Task objective:
Go line by line through the entries below and copy those containing the string "origin".

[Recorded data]
____
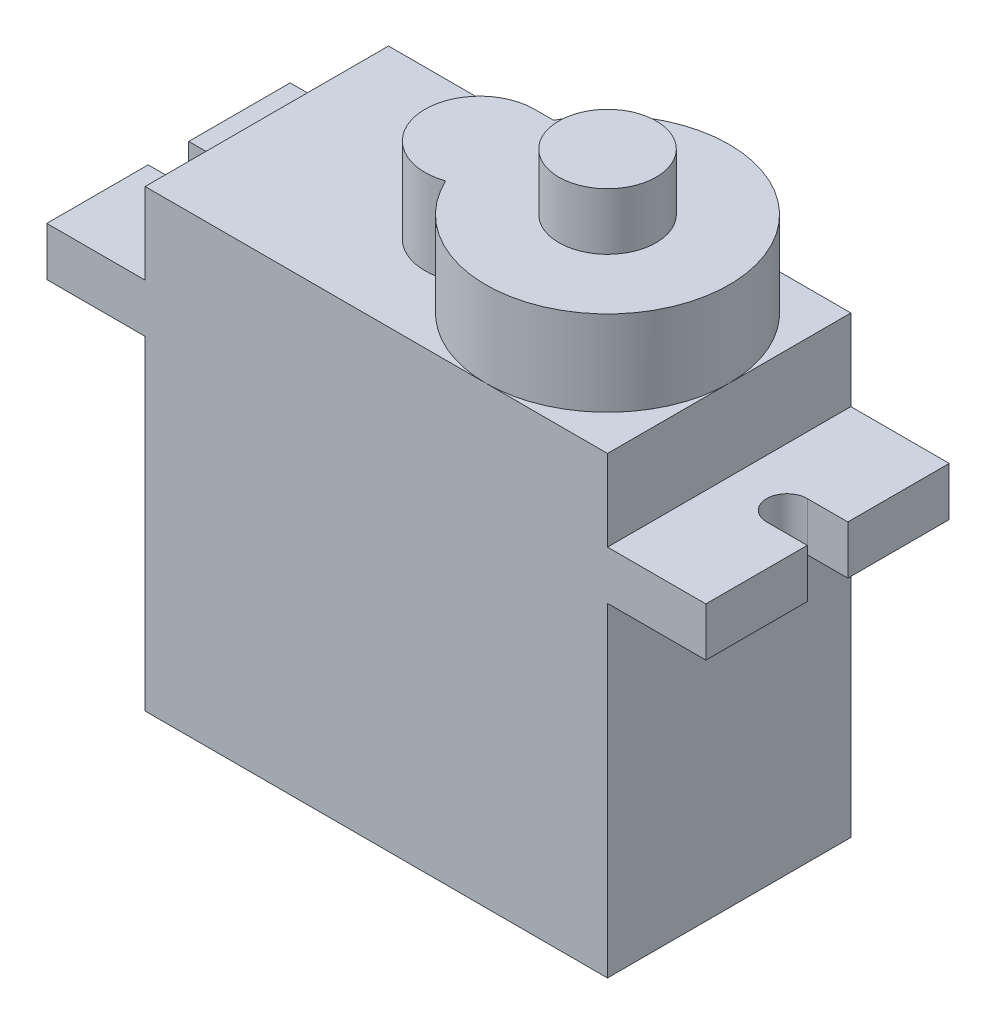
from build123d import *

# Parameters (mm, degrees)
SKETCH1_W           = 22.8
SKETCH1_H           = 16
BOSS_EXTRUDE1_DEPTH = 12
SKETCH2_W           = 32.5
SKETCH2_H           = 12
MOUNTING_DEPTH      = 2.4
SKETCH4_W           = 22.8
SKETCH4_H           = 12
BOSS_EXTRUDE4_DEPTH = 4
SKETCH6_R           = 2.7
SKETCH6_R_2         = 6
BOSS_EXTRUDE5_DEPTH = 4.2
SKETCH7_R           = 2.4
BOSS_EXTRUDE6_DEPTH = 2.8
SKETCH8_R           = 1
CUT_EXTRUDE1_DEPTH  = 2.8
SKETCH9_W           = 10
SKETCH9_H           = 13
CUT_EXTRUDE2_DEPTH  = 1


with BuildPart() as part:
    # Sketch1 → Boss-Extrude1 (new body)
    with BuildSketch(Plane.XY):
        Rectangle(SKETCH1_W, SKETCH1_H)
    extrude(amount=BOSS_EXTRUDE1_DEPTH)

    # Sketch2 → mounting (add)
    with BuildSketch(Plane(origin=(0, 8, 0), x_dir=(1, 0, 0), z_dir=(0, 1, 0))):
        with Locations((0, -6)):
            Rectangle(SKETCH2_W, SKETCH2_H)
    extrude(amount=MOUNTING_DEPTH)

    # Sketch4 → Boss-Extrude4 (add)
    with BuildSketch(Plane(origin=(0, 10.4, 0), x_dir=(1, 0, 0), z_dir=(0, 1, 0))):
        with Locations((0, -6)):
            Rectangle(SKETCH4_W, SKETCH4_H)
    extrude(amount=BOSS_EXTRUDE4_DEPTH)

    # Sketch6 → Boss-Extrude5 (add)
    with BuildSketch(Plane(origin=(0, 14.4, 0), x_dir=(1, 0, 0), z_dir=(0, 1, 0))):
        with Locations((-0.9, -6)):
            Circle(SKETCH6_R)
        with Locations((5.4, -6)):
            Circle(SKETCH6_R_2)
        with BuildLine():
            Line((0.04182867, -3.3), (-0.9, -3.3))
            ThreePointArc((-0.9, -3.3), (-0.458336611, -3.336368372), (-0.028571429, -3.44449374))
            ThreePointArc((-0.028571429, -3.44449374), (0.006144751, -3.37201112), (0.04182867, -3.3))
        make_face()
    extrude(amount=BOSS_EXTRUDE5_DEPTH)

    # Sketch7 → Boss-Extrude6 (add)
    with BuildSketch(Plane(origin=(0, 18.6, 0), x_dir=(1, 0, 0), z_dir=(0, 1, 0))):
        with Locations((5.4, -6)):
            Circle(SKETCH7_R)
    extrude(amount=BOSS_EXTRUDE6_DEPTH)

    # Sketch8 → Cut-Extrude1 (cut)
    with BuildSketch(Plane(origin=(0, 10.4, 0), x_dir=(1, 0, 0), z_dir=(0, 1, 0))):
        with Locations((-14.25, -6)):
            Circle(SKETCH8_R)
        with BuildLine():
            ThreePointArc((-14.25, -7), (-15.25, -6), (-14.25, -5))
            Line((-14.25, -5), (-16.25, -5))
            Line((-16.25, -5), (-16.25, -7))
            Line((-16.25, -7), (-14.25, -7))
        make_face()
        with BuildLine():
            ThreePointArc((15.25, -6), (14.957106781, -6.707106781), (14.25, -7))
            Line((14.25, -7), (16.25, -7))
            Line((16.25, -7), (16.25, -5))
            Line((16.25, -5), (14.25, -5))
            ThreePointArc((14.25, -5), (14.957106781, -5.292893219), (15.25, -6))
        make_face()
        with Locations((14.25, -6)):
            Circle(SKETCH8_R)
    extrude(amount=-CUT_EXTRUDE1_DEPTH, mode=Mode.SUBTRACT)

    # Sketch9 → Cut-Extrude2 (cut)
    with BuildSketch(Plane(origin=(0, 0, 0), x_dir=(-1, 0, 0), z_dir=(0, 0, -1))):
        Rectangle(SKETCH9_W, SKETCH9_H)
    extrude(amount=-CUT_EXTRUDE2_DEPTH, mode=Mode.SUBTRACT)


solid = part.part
____
Result of the task:
    with BuildSketch(Plane(origin=(0, 8, 0), x_dir=(1, 0, 0), z_dir=(0, 1, 0))):
    with BuildSketch(Plane(origin=(0, 10.4, 0), x_dir=(1, 0, 0), z_dir=(0, 1, 0))):
    with BuildSketch(Plane(origin=(0, 14.4, 0), x_dir=(1, 0, 0), z_dir=(0, 1, 0))):
    with BuildSketch(Plane(origin=(0, 18.6, 0), x_dir=(1, 0, 0), z_dir=(0, 1, 0))):
    with BuildSketch(Plane(origin=(0, 10.4, 0), x_dir=(1, 0, 0), z_dir=(0, 1, 0))):
    with BuildSketch(Plane(origin=(0, 0, 0), x_dir=(-1, 0, 0), z_dir=(0, 0, -1))):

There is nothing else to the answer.